The data:
........

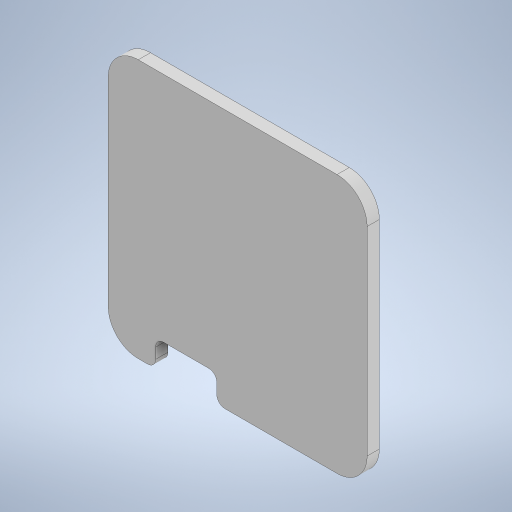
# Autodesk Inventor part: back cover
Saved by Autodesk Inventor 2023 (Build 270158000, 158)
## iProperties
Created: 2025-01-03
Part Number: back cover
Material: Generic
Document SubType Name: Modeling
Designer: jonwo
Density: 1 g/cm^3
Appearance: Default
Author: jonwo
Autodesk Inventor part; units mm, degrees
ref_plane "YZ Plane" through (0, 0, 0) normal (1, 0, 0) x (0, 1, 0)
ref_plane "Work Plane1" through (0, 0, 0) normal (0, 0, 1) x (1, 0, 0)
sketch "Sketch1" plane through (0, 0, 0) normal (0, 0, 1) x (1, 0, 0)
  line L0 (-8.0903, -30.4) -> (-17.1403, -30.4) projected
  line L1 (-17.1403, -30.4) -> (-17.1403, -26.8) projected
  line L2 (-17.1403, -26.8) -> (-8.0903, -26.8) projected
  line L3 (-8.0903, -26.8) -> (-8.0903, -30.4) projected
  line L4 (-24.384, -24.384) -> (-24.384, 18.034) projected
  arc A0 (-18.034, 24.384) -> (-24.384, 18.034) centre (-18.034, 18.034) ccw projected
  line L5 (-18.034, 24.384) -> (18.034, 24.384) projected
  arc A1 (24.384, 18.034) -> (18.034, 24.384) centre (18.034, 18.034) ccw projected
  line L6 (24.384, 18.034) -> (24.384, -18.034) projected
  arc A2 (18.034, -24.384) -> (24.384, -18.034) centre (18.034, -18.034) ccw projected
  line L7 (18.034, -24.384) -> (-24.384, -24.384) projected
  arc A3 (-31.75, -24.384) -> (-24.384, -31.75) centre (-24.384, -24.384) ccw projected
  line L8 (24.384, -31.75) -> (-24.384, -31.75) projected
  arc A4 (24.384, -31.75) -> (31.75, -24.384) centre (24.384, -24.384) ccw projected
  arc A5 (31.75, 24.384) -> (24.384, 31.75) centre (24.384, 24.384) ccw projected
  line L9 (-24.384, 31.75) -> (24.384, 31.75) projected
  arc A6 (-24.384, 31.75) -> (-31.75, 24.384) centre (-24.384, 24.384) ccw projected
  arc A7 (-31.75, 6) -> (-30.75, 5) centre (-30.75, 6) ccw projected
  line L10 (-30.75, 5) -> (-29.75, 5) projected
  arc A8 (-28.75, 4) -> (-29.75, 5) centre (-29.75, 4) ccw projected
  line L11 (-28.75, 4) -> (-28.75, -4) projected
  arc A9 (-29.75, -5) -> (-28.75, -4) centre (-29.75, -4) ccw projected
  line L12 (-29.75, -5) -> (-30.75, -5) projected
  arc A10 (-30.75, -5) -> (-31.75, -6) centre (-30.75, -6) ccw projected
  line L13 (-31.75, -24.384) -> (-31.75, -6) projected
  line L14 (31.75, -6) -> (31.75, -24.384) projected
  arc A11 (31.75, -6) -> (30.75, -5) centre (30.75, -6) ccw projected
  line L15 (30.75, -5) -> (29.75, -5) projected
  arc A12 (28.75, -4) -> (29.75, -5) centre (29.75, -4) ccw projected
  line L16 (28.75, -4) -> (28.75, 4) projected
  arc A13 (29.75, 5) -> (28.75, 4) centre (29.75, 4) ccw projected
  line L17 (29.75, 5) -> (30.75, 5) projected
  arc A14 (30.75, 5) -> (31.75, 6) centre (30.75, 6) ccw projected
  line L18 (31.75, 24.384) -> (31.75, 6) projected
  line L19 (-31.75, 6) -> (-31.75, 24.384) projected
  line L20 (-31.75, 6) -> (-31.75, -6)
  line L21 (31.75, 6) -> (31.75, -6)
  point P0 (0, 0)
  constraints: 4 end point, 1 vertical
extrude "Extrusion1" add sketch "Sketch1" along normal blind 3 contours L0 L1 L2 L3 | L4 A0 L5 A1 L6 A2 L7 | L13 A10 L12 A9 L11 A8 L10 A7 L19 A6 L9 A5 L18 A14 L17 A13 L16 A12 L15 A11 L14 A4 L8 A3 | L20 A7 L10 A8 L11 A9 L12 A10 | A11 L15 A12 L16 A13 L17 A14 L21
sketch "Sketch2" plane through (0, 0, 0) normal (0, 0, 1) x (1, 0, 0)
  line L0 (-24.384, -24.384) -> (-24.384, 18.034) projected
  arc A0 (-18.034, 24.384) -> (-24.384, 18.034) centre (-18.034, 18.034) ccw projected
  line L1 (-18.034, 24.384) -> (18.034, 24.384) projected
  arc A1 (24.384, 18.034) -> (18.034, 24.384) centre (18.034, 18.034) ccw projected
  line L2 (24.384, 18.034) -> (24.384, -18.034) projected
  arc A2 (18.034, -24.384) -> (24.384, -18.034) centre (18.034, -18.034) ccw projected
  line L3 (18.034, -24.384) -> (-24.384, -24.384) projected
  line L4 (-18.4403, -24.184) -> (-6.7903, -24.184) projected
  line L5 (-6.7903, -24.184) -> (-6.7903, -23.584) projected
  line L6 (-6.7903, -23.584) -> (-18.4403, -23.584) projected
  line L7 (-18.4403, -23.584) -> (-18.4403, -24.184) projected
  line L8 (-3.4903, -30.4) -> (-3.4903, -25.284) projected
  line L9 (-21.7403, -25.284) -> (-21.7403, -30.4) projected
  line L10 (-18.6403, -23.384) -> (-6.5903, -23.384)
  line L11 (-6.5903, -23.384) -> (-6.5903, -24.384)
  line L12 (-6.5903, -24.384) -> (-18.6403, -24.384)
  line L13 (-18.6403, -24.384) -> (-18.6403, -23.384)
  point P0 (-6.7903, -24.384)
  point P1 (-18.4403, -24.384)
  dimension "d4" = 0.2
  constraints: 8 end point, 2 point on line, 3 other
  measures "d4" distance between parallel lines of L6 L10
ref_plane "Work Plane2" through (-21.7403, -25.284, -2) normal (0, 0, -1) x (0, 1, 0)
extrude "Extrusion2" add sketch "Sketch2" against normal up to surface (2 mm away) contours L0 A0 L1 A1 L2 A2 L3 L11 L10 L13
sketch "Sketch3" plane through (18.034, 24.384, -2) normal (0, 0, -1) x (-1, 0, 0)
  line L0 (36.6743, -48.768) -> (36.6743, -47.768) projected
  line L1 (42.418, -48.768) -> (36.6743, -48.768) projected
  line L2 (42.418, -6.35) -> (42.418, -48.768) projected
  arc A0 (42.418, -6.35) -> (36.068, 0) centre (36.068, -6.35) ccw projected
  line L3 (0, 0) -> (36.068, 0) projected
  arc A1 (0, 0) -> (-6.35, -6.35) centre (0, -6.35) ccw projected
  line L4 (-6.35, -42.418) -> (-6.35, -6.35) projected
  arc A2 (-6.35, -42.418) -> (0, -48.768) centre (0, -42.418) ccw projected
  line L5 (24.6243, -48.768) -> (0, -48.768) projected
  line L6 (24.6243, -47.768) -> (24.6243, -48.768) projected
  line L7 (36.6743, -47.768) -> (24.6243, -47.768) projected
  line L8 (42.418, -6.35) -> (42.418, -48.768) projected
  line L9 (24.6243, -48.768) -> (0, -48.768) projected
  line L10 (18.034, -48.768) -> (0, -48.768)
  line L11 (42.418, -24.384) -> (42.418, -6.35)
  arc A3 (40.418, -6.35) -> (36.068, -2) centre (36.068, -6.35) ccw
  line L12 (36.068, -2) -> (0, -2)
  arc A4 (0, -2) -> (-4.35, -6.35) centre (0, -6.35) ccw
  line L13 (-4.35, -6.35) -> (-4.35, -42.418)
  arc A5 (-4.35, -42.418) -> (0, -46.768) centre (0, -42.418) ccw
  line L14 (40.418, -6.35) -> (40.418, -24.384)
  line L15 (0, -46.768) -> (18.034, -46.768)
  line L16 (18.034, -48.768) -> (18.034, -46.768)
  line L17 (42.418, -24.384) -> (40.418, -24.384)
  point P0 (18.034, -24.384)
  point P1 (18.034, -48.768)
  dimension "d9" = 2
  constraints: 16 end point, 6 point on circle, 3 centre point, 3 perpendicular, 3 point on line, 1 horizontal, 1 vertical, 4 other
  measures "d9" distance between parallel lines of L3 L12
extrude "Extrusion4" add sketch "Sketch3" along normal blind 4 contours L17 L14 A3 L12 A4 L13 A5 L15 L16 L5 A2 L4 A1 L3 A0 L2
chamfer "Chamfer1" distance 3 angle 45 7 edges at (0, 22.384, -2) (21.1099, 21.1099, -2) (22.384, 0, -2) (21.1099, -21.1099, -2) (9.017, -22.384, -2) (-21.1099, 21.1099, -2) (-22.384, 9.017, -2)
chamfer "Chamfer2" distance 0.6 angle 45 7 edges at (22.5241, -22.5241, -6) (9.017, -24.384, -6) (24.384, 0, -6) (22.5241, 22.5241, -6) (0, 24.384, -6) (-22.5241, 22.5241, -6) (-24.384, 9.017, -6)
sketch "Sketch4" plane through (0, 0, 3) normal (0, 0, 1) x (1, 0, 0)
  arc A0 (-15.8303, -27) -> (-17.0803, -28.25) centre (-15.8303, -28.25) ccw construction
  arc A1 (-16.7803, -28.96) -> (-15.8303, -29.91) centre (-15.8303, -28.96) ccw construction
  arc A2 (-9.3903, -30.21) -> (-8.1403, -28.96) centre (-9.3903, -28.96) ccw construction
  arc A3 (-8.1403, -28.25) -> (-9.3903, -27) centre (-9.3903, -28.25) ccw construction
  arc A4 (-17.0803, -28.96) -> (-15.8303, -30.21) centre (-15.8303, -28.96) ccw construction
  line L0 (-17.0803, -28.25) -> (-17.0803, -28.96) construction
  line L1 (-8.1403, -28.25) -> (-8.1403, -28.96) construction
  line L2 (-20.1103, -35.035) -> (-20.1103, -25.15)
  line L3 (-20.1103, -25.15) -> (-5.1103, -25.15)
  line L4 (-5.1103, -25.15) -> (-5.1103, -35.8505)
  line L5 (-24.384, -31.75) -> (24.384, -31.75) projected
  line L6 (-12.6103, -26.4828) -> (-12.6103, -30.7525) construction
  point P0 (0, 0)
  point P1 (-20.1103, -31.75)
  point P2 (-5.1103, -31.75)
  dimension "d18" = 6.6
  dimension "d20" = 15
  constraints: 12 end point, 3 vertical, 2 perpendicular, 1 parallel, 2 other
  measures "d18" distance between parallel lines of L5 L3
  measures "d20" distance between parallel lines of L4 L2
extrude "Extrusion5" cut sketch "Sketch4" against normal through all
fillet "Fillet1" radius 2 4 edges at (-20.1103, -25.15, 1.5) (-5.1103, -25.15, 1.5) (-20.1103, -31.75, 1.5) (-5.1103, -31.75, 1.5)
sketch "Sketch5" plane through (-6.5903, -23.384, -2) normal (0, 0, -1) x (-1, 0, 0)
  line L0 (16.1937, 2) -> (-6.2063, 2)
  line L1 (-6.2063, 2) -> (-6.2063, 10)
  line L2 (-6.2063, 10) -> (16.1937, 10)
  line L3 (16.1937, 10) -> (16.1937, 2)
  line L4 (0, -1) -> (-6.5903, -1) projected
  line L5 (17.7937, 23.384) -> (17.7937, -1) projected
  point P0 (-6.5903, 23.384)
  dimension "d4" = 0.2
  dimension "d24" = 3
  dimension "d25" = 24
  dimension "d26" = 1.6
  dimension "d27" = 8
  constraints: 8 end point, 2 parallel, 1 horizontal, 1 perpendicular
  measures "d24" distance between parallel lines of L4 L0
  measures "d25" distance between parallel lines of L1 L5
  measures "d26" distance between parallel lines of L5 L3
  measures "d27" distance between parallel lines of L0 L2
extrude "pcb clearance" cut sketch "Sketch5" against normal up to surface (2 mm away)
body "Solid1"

........

Assignment: Using the data above, transcribe the lines that run from the line with "line L5 (24.6243, -48.768)" to the line with "A1 L3 A0 L2", both ends kept, and output nothing else.

Exercise output:
  line L5 (24.6243, -48.768) -> (0, -48.768) projected
  line L6 (24.6243, -47.768) -> (24.6243, -48.768) projected
  line L7 (36.6743, -47.768) -> (24.6243, -47.768) projected
  line L8 (42.418, -6.35) -> (42.418, -48.768) projected
  line L9 (24.6243, -48.768) -> (0, -48.768) projected
  line L10 (18.034, -48.768) -> (0, -48.768)
  line L11 (42.418, -24.384) -> (42.418, -6.35)
  arc A3 (40.418, -6.35) -> (36.068, -2) centre (36.068, -6.35) ccw
  line L12 (36.068, -2) -> (0, -2)
  arc A4 (0, -2) -> (-4.35, -6.35) centre (0, -6.35) ccw
  line L13 (-4.35, -6.35) -> (-4.35, -42.418)
  arc A5 (-4.35, -42.418) -> (0, -46.768) centre (0, -42.418) ccw
  line L14 (40.418, -6.35) -> (40.418, -24.384)
  line L15 (0, -46.768) -> (18.034, -46.768)
  line L16 (18.034, -48.768) -> (18.034, -46.768)
  line L17 (42.418, -24.384) -> (40.418, -24.384)
  point P0 (18.034, -24.384)
  point P1 (18.034, -48.768)
  dimension "d9" = 2
  constraints: 16 end point, 6 point on circle, 3 centre point, 3 perpendicular, 3 point on line, 1 horizontal, 1 vertical, 4 other
  measures "d9" distance between parallel lines of L3 L12
extrude "Extrusion4" add sketch "Sketch3" along normal blind 4 contours L17 L14 A3 L12 A4 L13 A5 L15 L16 L5 A2 L4 A1 L3 A0 L2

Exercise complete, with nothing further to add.